El Salvador’s Nayib Bukele Is Yet Again Ramping Up His Authoritarian Violence
Nayib Bukele has overseen multiple violent crackdowns on basic civil liberties across El Salvador during his time as president. With his recent declaration of martial law against gangs, it’s only getting worse.

President Nayib Bukele speaks in San Salvador, El Salvador on January 5, 2022. (Camilo Freedman / APHOTOGRAFIA / Getty Images)
For the second time in three years, El Salvador is back under martial law. The state of exception was approved so swiftly that lawmakers failed to remove references to public health and economic reopening in the text, clearly copied and pasted from the decrees that governed the country’s notoriously militarized 2020 pandemic lockdown. This latest suspension of constitutional guarantees, however, was enacted as part of right-wing populist president Nayib Bukele’s newly declared “war on gangs.” Still reeling from the pandemic, working-class Salvadorans now find themselves caught between predatory street gangs and an unaccountable authoritarian state.

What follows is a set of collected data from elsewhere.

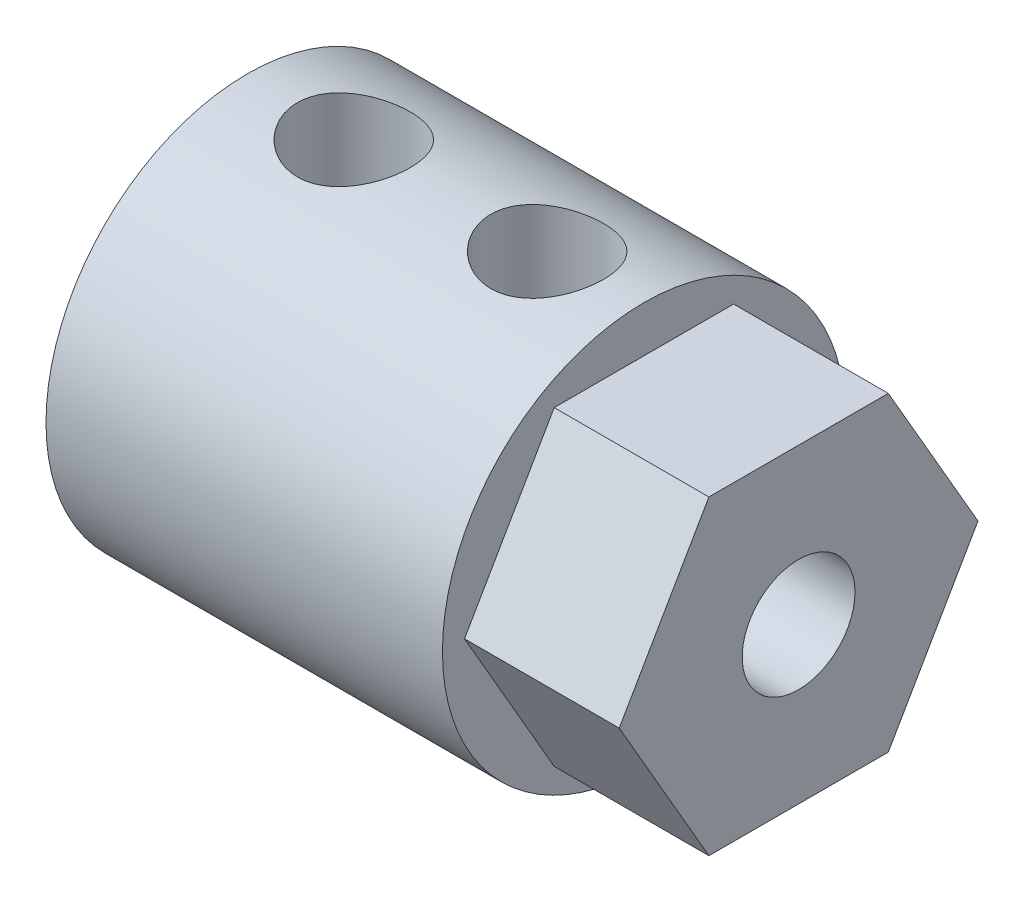
ISO-10303-21;
HEADER;
FILE_DESCRIPTION(('STEP AP214'),'2;1');
FILE_NAME('part.step','',(''),(''),'','','');
FILE_SCHEMA(('AUTOMOTIVE_DESIGN { 1 0 10303 214 1 1 1 1 }'));
ENDSEC;
DATA;
#1=APPLICATION_CONTEXT('core data for automotive mechanical design processes');
#2=APPLICATION_PROTOCOL_DEFINITION('international standard','automotive_design',2000,#1);
#3=PRODUCT_CONTEXT('',#1,'mechanical');
#4=PRODUCT('Part','Part','',(#3));
#5=PRODUCT_RELATED_PRODUCT_CATEGORY('part','',(#4));
#6=PRODUCT_DEFINITION_FORMATION('','',#4);
#7=PRODUCT_DEFINITION_CONTEXT('part definition',#1,'design');
#8=PRODUCT_DEFINITION('design','',#6,#7);
#9=PRODUCT_DEFINITION_SHAPE('','',#8);
#10=(LENGTH_UNIT() NAMED_UNIT(*) SI_UNIT(.MILLI.,.METRE.));
#11=(NAMED_UNIT(*) PLANE_ANGLE_UNIT() SI_UNIT($,.RADIAN.));
#12=(NAMED_UNIT(*) SI_UNIT($,.STERADIAN.) SOLID_ANGLE_UNIT());
#13=UNCERTAINTY_MEASURE_WITH_UNIT(LENGTH_MEASURE(1.E-05),#10,'distance_accuracy_value','');
#14=(GEOMETRIC_REPRESENTATION_CONTEXT(3) GLOBAL_UNCERTAINTY_ASSIGNED_CONTEXT((#13)) GLOBAL_UNIT_ASSIGNED_CONTEXT((#10,
#11,#12)) REPRESENTATION_CONTEXT('',''));
#15=CARTESIAN_POINT('',(0.,0.,0.));
#16=DIRECTION('',(0.,0.,1.));
#17=DIRECTION('',(1.,0.,0.));
#18=AXIS2_PLACEMENT_3D('',#15,#16,#17);
#19=CARTESIAN_POINT('',(-15.621,0.,0.));
#20=DIRECTION('',(1.,0.,0.));
#21=DIRECTION('',(0.,0.,1.));
#22=AXIS2_PLACEMENT_3D('',#19,#20,#21);
#23=CYLINDRICAL_SURFACE('',#22,7.9375);
#24=CARTESIAN_POINT('',(-15.621,0.,0.));
#25=DIRECTION('',(1.,0.,0.));
#26=DIRECTION('',(0.,0.,-1.));
#27=AXIS2_PLACEMENT_3D('',#24,#25,#26);
#28=CIRCLE('',#27,7.9375);
#29=CARTESIAN_POINT('',(-15.621,0.,-7.9375));
#30=VERTEX_POINT('',#29);
#31=EDGE_CURVE('E224',#30,#30,#28,.T.);
#32=ORIENTED_EDGE('',*,*,#31,.T.);
#33=EDGE_LOOP('',(#32));
#34=FACE_BOUND('',#33,.T.);
#35=CARTESIAN_POINT('',(0.,0.,0.));
#36=DIRECTION('',(1.,0.,0.));
#37=DIRECTION('',(0.,0.,-1.));
#38=AXIS2_PLACEMENT_3D('',#35,#36,#37);
#39=CIRCLE('',#38,7.9375);
#40=CARTESIAN_POINT('',(0.,0.,-7.9375));
#41=VERTEX_POINT('',#40);
#42=EDGE_CURVE('E222',#41,#41,#39,.T.);
#43=ORIENTED_EDGE('',*,*,#42,.F.);
#44=EDGE_LOOP('',(#43));
#45=FACE_BOUND('',#44,.T.);
#46=CARTESIAN_POINT('',(-1.5875,7.9375,0.));
#47=CARTESIAN_POINT('',(-1.587502398111,7.93749841297143,0.122289434384592));
#48=CARTESIAN_POINT('',(-1.59762687587564,7.93464640374844,0.24460380457482));
#49=CARTESIAN_POINT('',(-1.63777621242458,7.92354674957216,0.485694032880113));
#50=CARTESIAN_POINT('',(-1.66780922620723,7.91529689355351,0.60446842009344));
#51=CARTESIAN_POINT('',(-1.74671141204331,7.89430957331477,0.834964927090246));
#52=CARTESIAN_POINT('',(-1.79555492267656,7.88157822480584,0.946696414251323));
#53=CARTESIAN_POINT('',(-1.91059251715217,7.85296472583047,1.16038287672983));
#54=CARTESIAN_POINT('',(-1.97678821842334,7.83708228167832,1.26233693946535));
#55=CARTESIAN_POINT('',(-2.12642117544705,7.8034232726709,1.45615831068255));
#56=CARTESIAN_POINT('',(-2.21021716527189,7.78561177508401,1.54774260219952));
#57=CARTESIAN_POINT('',(-2.39190611080195,7.75032012250063,1.71575936348891));
#58=CARTESIAN_POINT('',(-2.48980108186053,7.73284001527906,1.79218966338291));
#59=CARTESIAN_POINT('',(-2.69922041664797,7.6998283677456,1.92915068426256));
#60=CARTESIAN_POINT('',(-2.81097026361879,7.68434065377252,1.98934817384267));
#61=CARTESIAN_POINT('',(-3.04350943858364,7.65758432116579,2.08998548271767));
#62=CARTESIAN_POINT('',(-3.16429690220516,7.64631483521622,2.13042936410227));
#63=CARTESIAN_POINT('',(-3.4083305685353,7.62963290719132,2.18941388458174));
#64=CARTESIAN_POINT('',(-3.53144225208111,7.62408261047198,2.20847108866752));
#65=CARTESIAN_POINT('',(-3.77923081639445,7.61905627706929,2.22575284029697));
#66=CARTESIAN_POINT('',(-3.90390736649889,7.61957897802232,2.22398171731976));
#67=CARTESIAN_POINT('',(-4.14719088560424,7.62651666080719,2.20006548936518));
#68=CARTESIAN_POINT('',(-4.26586618923935,7.63274845031214,2.17855378119358));
#69=CARTESIAN_POINT('',(-4.49785161633767,7.65010764560777,2.1167849227819));
#70=CARTESIAN_POINT('',(-4.61116127104343,7.66123547825911,2.0765261380634));
#71=CARTESIAN_POINT('',(-4.83081036825138,7.68728817952527,1.97790928071366));
#72=CARTESIAN_POINT('',(-4.93704749092035,7.7022578670799,1.9193356539467));
#73=CARTESIAN_POINT('',(-5.13840348293651,7.73428447505437,1.78590192518265));
#74=CARTESIAN_POINT('',(-5.23351995715069,7.75134184349961,1.71103832459554));
#75=CARTESIAN_POINT('',(-5.41354369025916,7.78637689551321,1.54394699344826));
#76=CARTESIAN_POINT('',(-5.49795804958312,7.80436556600566,1.45118970763094));
#77=CARTESIAN_POINT('',(-5.6501397189066,7.83868636973626,1.25261337987339));
#78=CARTESIAN_POINT('',(-5.71790623276662,7.85501842372916,1.14679371362257));
#79=CARTESIAN_POINT('',(-5.83511680307549,7.88430398837012,0.924282134935336));
#80=CARTESIAN_POINT('',(-5.88446390275543,7.89723951739796,0.807536626467184));
#81=CARTESIAN_POINT('',(-5.96268456648585,7.91814489748872,0.566959944436843));
#82=CARTESIAN_POINT('',(-5.99156307940385,7.92611594879985,0.443130491451456));
#83=CARTESIAN_POINT('',(-6.02723492193407,7.93600949314591,0.196101124919305));
#84=CARTESIAN_POINT('',(-6.03469753237385,7.93811522289107,0.0730050493447829));
#85=CARTESIAN_POINT('',(-6.02918471081962,7.93657184147866,-0.172682576611987));
#86=CARTESIAN_POINT('',(-6.01621162593874,7.9329233912093,-0.295274183312975));
#87=CARTESIAN_POINT('',(-5.97074190820065,7.92040063357283,-0.534031051075131));
#88=CARTESIAN_POINT('',(-5.93862546036324,7.91162815516481,-0.650274552968655));
#89=CARTESIAN_POINT('',(-5.85622831272659,7.88985924413703,-0.875707417570524));
#90=CARTESIAN_POINT('',(-5.80594554945293,7.87686233168934,-0.984895977260915));
#91=CARTESIAN_POINT('',(-5.68744786332019,7.84766549897653,-1.19566699168485));
#92=CARTESIAN_POINT('',(-5.61887794200882,7.83140394678713,-1.29704110514929));
#93=CARTESIAN_POINT('',(-5.46619270156045,7.79755361828553,-1.48707642789286));
#94=CARTESIAN_POINT('',(-5.38207398796685,7.77996455266095,-1.57573485369032));
#95=CARTESIAN_POINT('',(-5.19754542583976,7.74475574438945,-1.74069277960931));
#96=CARTESIAN_POINT('',(-5.09670785802765,7.72715229446269,-1.81651823498446));
#97=CARTESIAN_POINT('',(-4.88336192472095,7.69450550823917,-1.95019062299679));
#98=CARTESIAN_POINT('',(-4.77085399552126,7.67946207629195,-2.00803822741068));
#99=CARTESIAN_POINT('',(-4.53786166057827,7.65381415280244,-2.10368464486661));
#100=CARTESIAN_POINT('',(-4.41742523518426,7.64318537493625,-2.14159346282923));
#101=CARTESIAN_POINT('',(-4.17153384499789,7.62758676285093,-2.19651019045085));
#102=CARTESIAN_POINT('',(-4.04608033702155,7.62261529808532,-2.21352412253003));
#103=CARTESIAN_POINT('',(-3.79859578431933,7.61904009677965,-2.22579634337424));
#104=CARTESIAN_POINT('',(-3.67660541699017,7.62021218162667,-2.22182051126848));
#105=CARTESIAN_POINT('',(-3.43510880845293,7.6282616577072,-2.19402262129698));
#106=CARTESIAN_POINT('',(-3.31560249051765,7.63513887245171,-2.17020117735789));
#107=CARTESIAN_POINT('',(-3.08354127422839,7.65368348699787,-2.10385266467513));
#108=CARTESIAN_POINT('',(-2.9709315866381,7.66530524566887,-2.06150355593924));
#109=CARTESIAN_POINT('',(-2.75432773685296,7.69202662666681,-1.95943946415649));
#110=CARTESIAN_POINT('',(-2.65033505215382,7.70712684374916,-1.89972151088259));
#111=CARTESIAN_POINT('',(-2.45030033200027,7.73971061356866,-1.76236009307517));
#112=CARTESIAN_POINT('',(-2.35462190181763,7.75725523110183,-1.68420156559259));
#113=CARTESIAN_POINT('',(-2.17749007152221,7.79242812441293,-1.51313678633054));
#114=CARTESIAN_POINT('',(-2.09604021868082,7.81005641993032,-1.42022686792809));
#115=CARTESIAN_POINT('',(-1.9477194350652,7.84392363107764,-1.21957214778867));
#116=CARTESIAN_POINT('',(-1.88125116374675,7.86011833953724,-1.11152155583987));
#117=CARTESIAN_POINT('',(-1.76752470486395,7.88879340490492,-0.885326940704654));
#118=CARTESIAN_POINT('',(-1.72025544990178,7.90127590062755,-0.767188780236336));
#119=CARTESIAN_POINT('',(-1.65169956819758,7.91970568495603,-0.541420338472193));
#120=CARTESIAN_POINT('',(-1.62768411699767,7.92632747266372,-0.43466625717126));
#121=CARTESIAN_POINT('',(-1.59558423476692,7.93522507389311,-0.218614550898743));
#122=CARTESIAN_POINT('',(-1.58749785627538,7.93750141868005,-0.109317238511546));
#123=CARTESIAN_POINT('',(-1.5875,7.9375,0.));
#124=B_SPLINE_CURVE_WITH_KNOTS('',3,(#46,#47,#48,#49,#50,#51,#52,#53,#54,#55,#56,#57,#58,#59,
#60,#61,#62,#63,#64,#65,#66,#67,#68,#69,#70,#71,#72,#73,#74,#75,#76,#77,#78,#79,#80,#81,#82,#83,
#84,#85,#86,#87,#88,#89,#90,#91,#92,#93,#94,#95,#96,#97,#98,#99,#100,#101,#102,#103,#104,#105,
#106,#107,#108,#109,#110,#111,#112,#113,#114,#115,#116,#117,#118,#119,#120,#121,#122,#123),
.UNSPECIFIED.,.T.,.F.,(4,2,2,2,2,2,2,2,2,2,2,2,2,2,2,2,2,2,2,2,2,2,2,2,2,2,2,2,2,2,2,2,2,2,2,2,
2,2,4),(0.,0.366467159375124,0.733084525040348,1.09920351015625,1.46535663402202,
1.83985902232483,2.2144149964241,2.59615815397004,2.97782277758453,3.35005588802573,
3.72221162561857,4.08282869463252,4.44347721021375,4.80854112418707,5.1736835202881,
5.55201589839114,5.93036636572644,6.310681224658,6.69090410017637,7.05910769208849,
7.42726899757706,7.78835148351941,8.14947499698045,8.51819575160419,8.88699709692384,
9.26734918477582,9.64768705833693,10.0259039435842,10.4040117918163,10.7684207028235,
11.1328183412108,11.4937902180729,11.8548238606708,12.2274771315308,12.6002231749544,
12.9820329052775,13.3636222254502,13.6912554080105,14.0188485322216),.UNSPECIFIED.);
#125=CARTESIAN_POINT('',(-1.5875,7.9375,0.));
#126=VERTEX_POINT('',#125);
#127=EDGE_CURVE('E143',#126,#126,#124,.T.);
#128=ORIENTED_EDGE('',*,*,#127,.T.);
#129=EDGE_LOOP('',(#128));
#130=FACE_BOUND('',#129,.T.);
#131=CARTESIAN_POINT('',(-9.2075,7.9375,0.));
#132=CARTESIAN_POINT('',(-9.207502398111,7.93749841297143,0.122289434384593));
#133=CARTESIAN_POINT('',(-9.21762687587564,7.93464640374844,0.24460380457482));
#134=CARTESIAN_POINT('',(-9.25777621242458,7.92354674957216,0.485694032880113));
#135=CARTESIAN_POINT('',(-9.28780922620723,7.91529689355351,0.60446842009344));
#136=CARTESIAN_POINT('',(-9.36671141204331,7.89430957331477,0.834964927090245));
#137=CARTESIAN_POINT('',(-9.41555492267656,7.88157822480584,0.946696414251323));
#138=CARTESIAN_POINT('',(-9.53059251715217,7.85296472583047,1.16038287672983));
#139=CARTESIAN_POINT('',(-9.59678821842334,7.83708228167832,1.26233693946535));
#140=CARTESIAN_POINT('',(-9.74642117544705,7.8034232726709,1.45615831068255));
#141=CARTESIAN_POINT('',(-9.83021716527189,7.78561177508401,1.54774260219952));
#142=CARTESIAN_POINT('',(-10.0119061108019,7.75032012250063,1.7157593634889));
#143=CARTESIAN_POINT('',(-10.1098010818605,7.73284001527906,1.79218966338291));
#144=CARTESIAN_POINT('',(-10.319220416648,7.6998283677456,1.92915068426256));
#145=CARTESIAN_POINT('',(-10.4309702636188,7.68434065377252,1.98934817384266));
#146=CARTESIAN_POINT('',(-10.6635094385836,7.65758432116579,2.08998548271767));
#147=CARTESIAN_POINT('',(-10.7842969022052,7.64631483521622,2.13042936410227));
#148=CARTESIAN_POINT('',(-11.0283305685353,7.62963290719132,2.18941388458174));
#149=CARTESIAN_POINT('',(-11.1514422520811,7.62408261047198,2.20847108866752));
#150=CARTESIAN_POINT('',(-11.3992308163944,7.61905627706929,2.22575284029697));
#151=CARTESIAN_POINT('',(-11.5239073664989,7.61957897802232,2.22398171731976));
#152=CARTESIAN_POINT('',(-11.7671908856042,7.62651666080719,2.20006548936518));
#153=CARTESIAN_POINT('',(-11.8858661892394,7.63274845031214,2.17855378119358));
#154=CARTESIAN_POINT('',(-12.1178516163377,7.65010764560777,2.1167849227819));
#155=CARTESIAN_POINT('',(-12.2311612710434,7.66123547825911,2.0765261380634));
#156=CARTESIAN_POINT('',(-12.4508103682514,7.68728817952527,1.97790928071366));
#157=CARTESIAN_POINT('',(-12.5570474909203,7.7022578670799,1.9193356539467));
#158=CARTESIAN_POINT('',(-12.7584034829365,7.73428447505437,1.78590192518265));
#159=CARTESIAN_POINT('',(-12.8535199571507,7.75134184349961,1.71103832459554));
#160=CARTESIAN_POINT('',(-13.0335436902592,7.78637689551321,1.54394699344827));
#161=CARTESIAN_POINT('',(-13.1179580495831,7.80436556600566,1.45118970763094));
#162=CARTESIAN_POINT('',(-13.2701397189066,7.83868636973626,1.25261337987339));
#163=CARTESIAN_POINT('',(-13.3379062327666,7.85501842372916,1.14679371362257));
#164=CARTESIAN_POINT('',(-13.4551168030755,7.88430398837012,0.924282134935336));
#165=CARTESIAN_POINT('',(-13.5044639027554,7.89723951739796,0.807536626467184));
#166=CARTESIAN_POINT('',(-13.5826845664859,7.91814489748872,0.566959944436844));
#167=CARTESIAN_POINT('',(-13.6115630794039,7.92611594879985,0.443130491451456));
#168=CARTESIAN_POINT('',(-13.6472349219341,7.93600949314591,0.196101124919305));
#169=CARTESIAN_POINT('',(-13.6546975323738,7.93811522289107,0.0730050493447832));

In a single weekend, El Salvador experienced its highest homicide toll since its twelve-year US-backed civil war: seventy-four dead in forty-eight hours, with sixty-two murders on Saturday, March 26 alone. The act of mass terror appears to have been ordered by the leadership of the nation’s most powerful criminal gang, MS-13. Victims were largely chosen at random. Delivery workers, commuters, street vendors, and shop patrons were gunned down in broad daylight, their bodies displayed in public view across twelve of the country’s fourteen departments.
Bukele responded in kind. Security forces laid siege to working-class neighborhoods, conducting indiscriminate arrests that saw over six thousand people disappeared into the country’s miserably overcrowded jails in less than a week. The president has inundated social media with images of police brutality and collective punishment, even branding the campaign with the hashtag #GuerraContraPandillas (“war against gangs”). The crackdown, however, is no innovation. Instead, it is a return to the same US-backed security strategies that spawned the current crisis.